Upper Arlington City Council postponed a vote Monday on an ordinance to allow a telecommunications company to locate its antennas on two city-owned towers.

Upper Arlington City Council postponed a vote Monday on an ordinance to allow a telecommunications company to locate its antennas on two city-owned towers.

According to the council agenda, members were asked to suspend the three-reading rule for the ordinance and vote on the legislation as an emergency.

The legislation would allow Clearwire, a company that offers high-speed Internet services to consumers and businesses, to locate its equipment atop both the city's Zollinger Road water tower and a new light pole at Thompson Park.

Council member Wade Steen asked council to postpone the vote to give residents a chance to learn more about the legislation.

"I have heard from some residents - as have some other (council members) - that they haven't been adequately advised that this was coming forward," Steen said.

Council member Erik Yassenoff agreed with Steen. He asked that council go through at least two readings of the ordinance to give residents a chance to learn about the legislation

Millie McVey of Cheltenham Road near Thompson Park told council that she was not in favor of antennas being installed on a light pole at the park. Under the current proposal, Clearwire would build and own that pole.

"This could just be the beginning," she said, noting that other antennas and telecommunications towers could be built at the park. "We feel that even though it is being called a light post, it is a tower. . We would ask that you reconsider and that it not be placed in Thompson Park."

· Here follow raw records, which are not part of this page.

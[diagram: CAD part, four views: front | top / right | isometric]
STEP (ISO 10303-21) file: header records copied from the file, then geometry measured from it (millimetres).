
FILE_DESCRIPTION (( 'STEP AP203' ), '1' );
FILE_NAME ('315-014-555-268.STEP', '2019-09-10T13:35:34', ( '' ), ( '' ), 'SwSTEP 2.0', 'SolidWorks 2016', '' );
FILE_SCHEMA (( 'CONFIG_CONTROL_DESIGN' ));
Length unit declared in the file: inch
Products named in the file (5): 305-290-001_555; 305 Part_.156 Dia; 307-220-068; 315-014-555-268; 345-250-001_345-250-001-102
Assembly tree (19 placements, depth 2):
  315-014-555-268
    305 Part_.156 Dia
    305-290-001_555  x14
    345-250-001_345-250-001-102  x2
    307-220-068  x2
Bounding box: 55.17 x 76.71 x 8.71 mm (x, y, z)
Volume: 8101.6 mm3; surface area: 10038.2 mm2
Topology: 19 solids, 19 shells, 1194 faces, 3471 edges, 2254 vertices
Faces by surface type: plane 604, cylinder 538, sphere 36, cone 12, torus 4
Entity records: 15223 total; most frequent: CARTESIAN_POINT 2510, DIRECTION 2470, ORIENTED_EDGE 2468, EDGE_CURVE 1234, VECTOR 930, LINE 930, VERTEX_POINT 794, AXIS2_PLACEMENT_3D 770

Mayor Frank Ciotola said he would like more information about what the antennas would look like at the park.

Tom Lindsey, first assistant attorney with the city, said all of the sites under discussion are public property and zoned for telecommunications towers.

"Certainly, all of the citizens within the area are aware that these towers were possibilities at the sites that they are being proposed," he said.

Lindsey also said the Thompson Park project was Clearwire's main priority. He said Clearwire had hoped to have legislation approved as soon as possible so it can extend its services within central Ohio.

"The desire to move forward on the reconstruction and replacement was a primary concern in terms of them scheduling when work can move forward," he told council. "The three readings and the 30-day clause would add basically 60 more days before this is finalized."

In addition to locating equipment on the Zollinger Road water tower and the Thompson Park light pole, Clearwire also plans to lease space on a telecommunications tower on Reed Road and a new tower near the Municipal Services Center on Tremont Road.

The city is still negotiating with Clearwire about whether the company would lease or own a number of the towers, such as the Thompson Park light pole.

Consultant Chris Miller, a lawyer with Schottenstein, Zox and Dunn who specializes in telecommunications, told council that public entities usually do not own towers.

"We don't like to be responsible for the things that we don't use," Miller said.

In other council business, Ciotola read a mayoral proclamation honoring firefighter of the year Mike McCusker for Fire Prevention Week.

Council members also voted that they had no objections to issuing a liquor license to Gallo's Kitchen and Bar on Nottingham Road.